Interview with Angela Rifo (ILC2019)

The main points:

  • The emergence and recognition of a new right at the international level: the right to a workplace free of violence and harassment;
  • The scope of the instrument, which includes the world of work in its entirety rather than only the physical space of the workplace;
  • Endorsement of the role of freedom of association and collective bargaining in ensuring protection of this right;
  • Elimination of language referring to workers’ and employers’ representatives as victims and perpetrators of violence, which removes the potential for employers to attack the right to strike.

PSI delegation to the Standard Setting Committee on Violence and Harassment in the World of Work

From left to right: Karely Gante, STUNAM, Mexico; Angela Rifo, ANEF, Chile; Viviana García, FESPROSA, Argentina; Verónica Montúfar, PSI; Julián Corrales, ADEA, Colombia.

Although there is universal recognition that international labour standards apply to all workers, PSI is celebrating the explicit inclusion of the public sector in the protection provided by this Convention and Recommendation and the inclusion of public sector workers and employers in the implementation mechanisms. We have fought to achieve this for a long time and the fact that this instrument, although not specifically about public sector workers, includes them represents a milestone in our struggle.
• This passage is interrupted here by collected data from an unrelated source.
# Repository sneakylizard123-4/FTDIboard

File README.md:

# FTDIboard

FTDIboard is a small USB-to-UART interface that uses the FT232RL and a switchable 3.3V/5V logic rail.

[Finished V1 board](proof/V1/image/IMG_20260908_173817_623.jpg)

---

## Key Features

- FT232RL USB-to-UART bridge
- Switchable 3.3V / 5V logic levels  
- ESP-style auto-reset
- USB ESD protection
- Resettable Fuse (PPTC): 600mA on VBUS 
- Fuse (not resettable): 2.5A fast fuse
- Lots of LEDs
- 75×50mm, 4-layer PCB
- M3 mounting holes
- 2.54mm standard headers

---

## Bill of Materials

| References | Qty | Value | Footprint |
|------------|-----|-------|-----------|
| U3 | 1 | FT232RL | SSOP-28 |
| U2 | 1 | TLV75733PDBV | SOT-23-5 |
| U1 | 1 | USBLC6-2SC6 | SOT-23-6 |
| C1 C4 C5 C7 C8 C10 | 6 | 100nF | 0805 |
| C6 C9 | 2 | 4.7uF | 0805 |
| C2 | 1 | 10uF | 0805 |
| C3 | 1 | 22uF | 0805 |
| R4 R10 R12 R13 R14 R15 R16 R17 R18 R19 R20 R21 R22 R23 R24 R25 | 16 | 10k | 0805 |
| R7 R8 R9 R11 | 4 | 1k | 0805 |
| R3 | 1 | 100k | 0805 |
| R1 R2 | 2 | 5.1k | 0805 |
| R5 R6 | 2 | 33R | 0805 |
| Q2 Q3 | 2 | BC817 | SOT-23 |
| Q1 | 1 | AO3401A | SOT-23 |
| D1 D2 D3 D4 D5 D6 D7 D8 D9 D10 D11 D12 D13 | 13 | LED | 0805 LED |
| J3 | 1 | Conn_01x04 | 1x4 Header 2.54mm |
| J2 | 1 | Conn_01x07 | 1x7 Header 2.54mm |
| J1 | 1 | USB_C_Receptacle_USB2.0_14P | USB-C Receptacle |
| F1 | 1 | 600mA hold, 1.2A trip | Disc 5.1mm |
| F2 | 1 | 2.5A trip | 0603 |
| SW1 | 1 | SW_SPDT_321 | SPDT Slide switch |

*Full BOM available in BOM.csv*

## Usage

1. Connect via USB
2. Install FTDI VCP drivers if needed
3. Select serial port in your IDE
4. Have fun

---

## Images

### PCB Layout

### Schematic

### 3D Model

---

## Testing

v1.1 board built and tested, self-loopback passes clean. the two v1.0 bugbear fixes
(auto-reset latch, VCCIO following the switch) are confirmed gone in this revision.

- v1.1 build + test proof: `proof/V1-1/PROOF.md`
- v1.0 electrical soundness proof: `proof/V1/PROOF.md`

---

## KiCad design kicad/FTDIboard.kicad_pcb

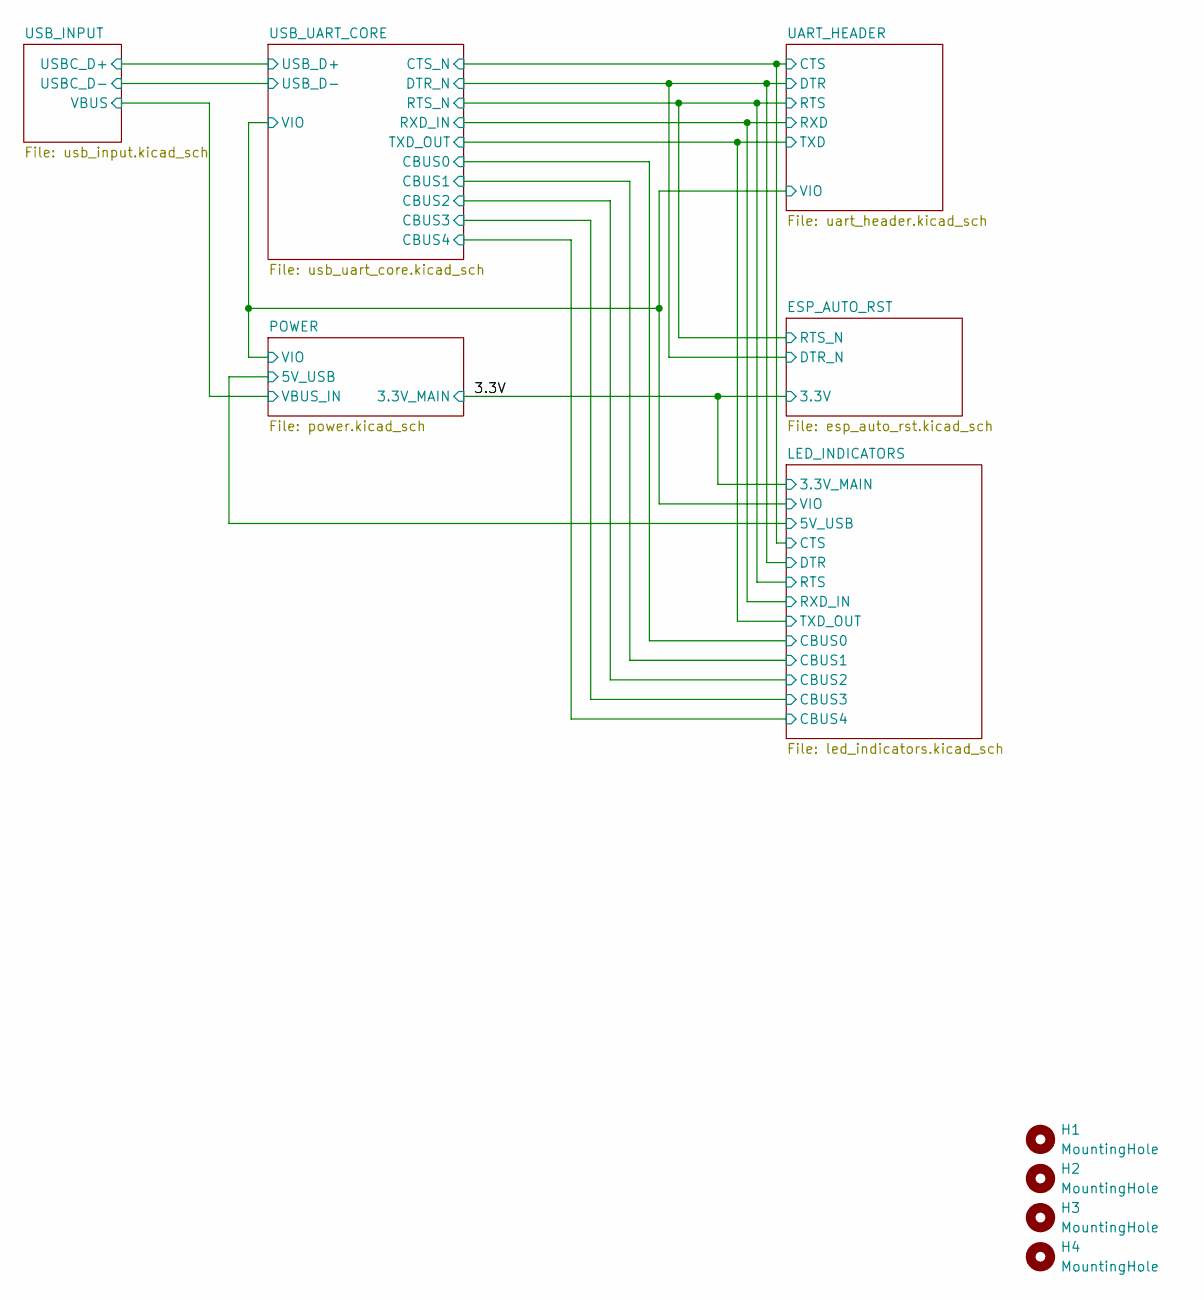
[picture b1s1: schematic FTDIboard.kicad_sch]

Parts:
H1, H2, H3, H4: MountingHole; MountingHole_3.2mm_M3

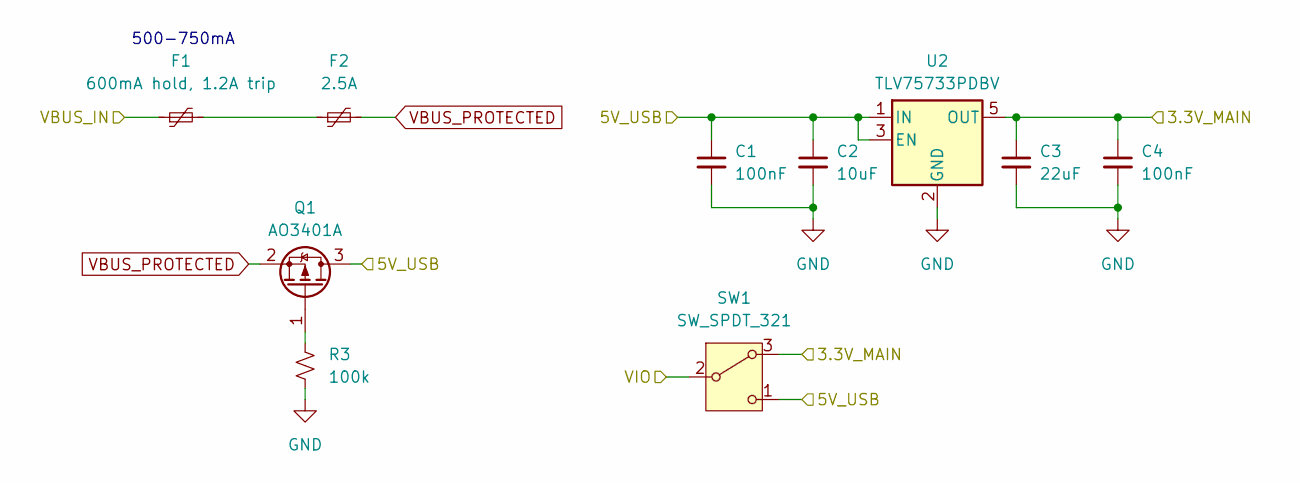
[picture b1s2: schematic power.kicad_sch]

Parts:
C1, C4: 100nF; C_0805_2012Metric_Pad1.18x1.45mm_HandSolder
C2: 10uF; C_0805_2012Metric_Pad1.18x1.45mm_HandSolder
C3: 22uF; C_0805_2012Metric_Pad1.18x1.45mm_HandSolder
F1: 600mA hold, 1.2A trip; C_Disc_D5.1mm_W3.2mm_P5.00mm
F2: 2.5A; Fuse_0603_1608Metric
Q1: AO3401A; SOT-23
R3: 100k; R_0805_2012Metric_Pad1.20x1.40mm_HandSolder
SW1: SW_SPDT_321; SW_Slide_SPDT_Straight_CK_OS102011MS2Q
U2: TLV75733PDBV; SOT-23-5

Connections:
/3.3V: C3.1, C4.1, SW1.3 (A), U2.5 (OUT); also elsewhere on the board
/LED_INDICATORS/5V_USB: C1.1, C2.1, Q1.3 (D), SW1.1 (C), U2.1 (IN), U2.3 (EN); also elsewhere on the board
/LED_INDICATORS/VIO: SW1.2 (B); also elsewhere on the board
/POWER/VBUS_IN: F1.1; also elsewhere on the board
GND: C1.2, C2.2, C3.2, C4.2, R3.2, U2.2 (GND); also elsewhere on the board
unnamed: F1.2, F2.1
unnamed: Q1.1 (G), R3.1
VBUS_PROTECTED: F2.2, Q1.2 (S)

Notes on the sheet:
500-750mA

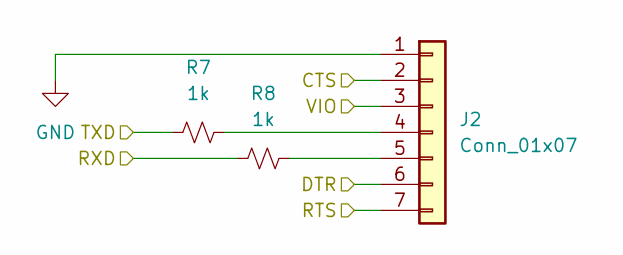
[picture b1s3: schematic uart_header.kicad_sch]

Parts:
J2: Conn_01x07; PinHeader_1x07_P2.54mm_Vertical
R7, R8: 1k; R_0805_2012Metric_Pad1.20x1.40mm_HandSolder

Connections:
/ESP_AUTO_RST/DTR_N: J2.6; also elsewhere on the board
/ESP_AUTO_RST/RTS_N: J2.7; also elsewhere on the board
/LED_INDICATORS/CTS: J2.2; also elsewhere on the board
/LED_INDICATORS/RXD_IN: R8.1; also elsewhere on the board
/LED_INDICATORS/TXD_OUT: R7.1; also elsewhere on the board
/LED_INDICATORS/VIO: J2.3; also elsewhere on the board
GND: J2.1; also elsewhere on the board
unnamed: J2.4, R7.2
unnamed: J2.5, R8.2

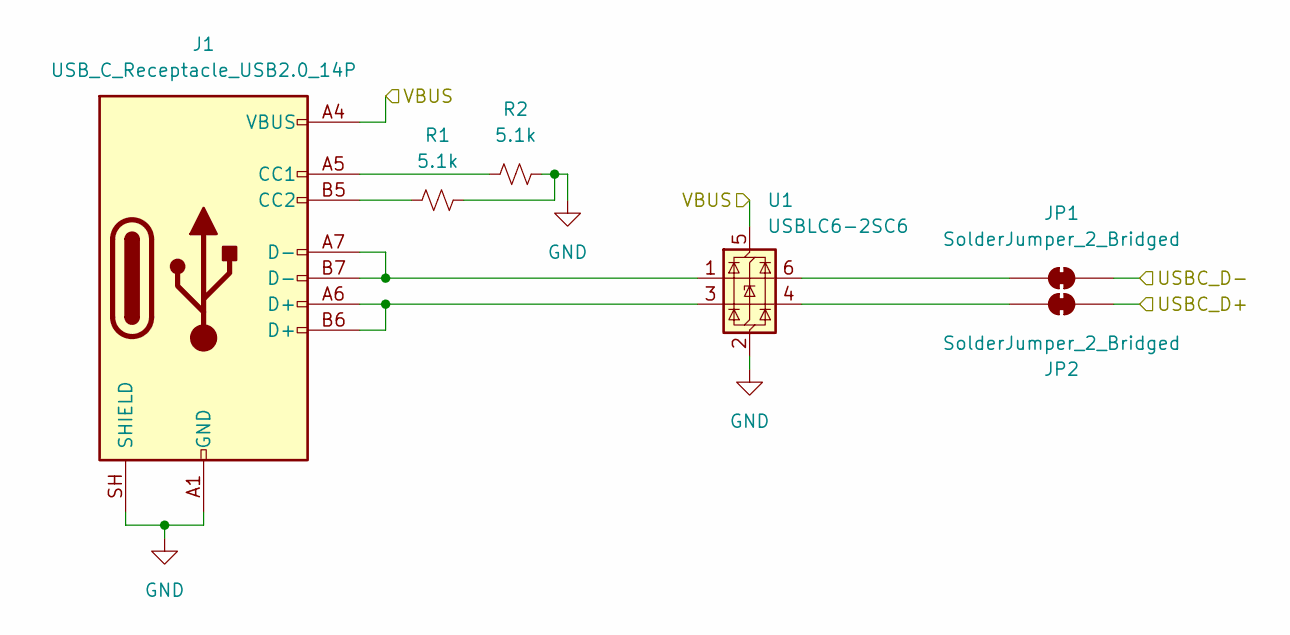
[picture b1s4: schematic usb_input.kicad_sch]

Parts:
J1: USB_C_Receptacle_USB2.0_14P; USB_C_Receptacle_HRO_TYPE-C-31-M-12
JP1, JP2: SolderJumper_2_Bridged; SolderJumper-2_P1.3mm_Bridged_RoundedPad1.0x1.5mm
R1, R2: 5.1k; R_0805_2012Metric_Pad1.20x1.40mm_HandSolder
U1: USBLC6-2SC6; SOT-23-6

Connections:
/POWER/VBUS_IN: J1.A4 (VBUS), J1.A9 (VBUS), J1.B4 (VBUS), J1.B9 (VBUS), U1.5 (VBUS); also elsewhere on the board
/USB_INPUT/USBC_D+: JP2.1 (A); also elsewhere on the board
/USB_INPUT/USBC_D-: JP1.2 (B); also elsewhere on the board
GND: J1.A1 (GND), J1.A12 (GND), J1.B1 (GND), J1.B12 (GND), J1.SH (SHIELD), R1.2, R2.2, U1.2 (GND); also elsewhere on the board
unnamed: J1.A5 (CC1), R2.1
unnamed: J1.B5 (CC2), R1.1
unnamed: J1.A6 (D+), J1.B6 (D+), U1.3 (I/O2)
unnamed: J1.A7 (D-), J1.B7 (D-), U1.1 (I/O1)
unnamed: JP1.1 (A), U1.6 (I/O1)
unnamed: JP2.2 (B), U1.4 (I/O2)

Other aspects of this instrument’s importance for winning fundamental rights:

  • The right to equality and non-discrimination in employment and occupation for women and members of other vulnerable groups that are disproportionately affected by violence and harassment, which, although initially omitted from an extensive list, were finally included after much discussion;
  • Recognition that “third parties” can be victims and perpetrators of violence;
  • Recognition that domestic violence has an impact on the world of work, making it necessary to take mitigating measures;
  • Recognition that organisation of the productive process and working conditions constitute risk factors for violence and need to be taken into account when formulating prevention measures.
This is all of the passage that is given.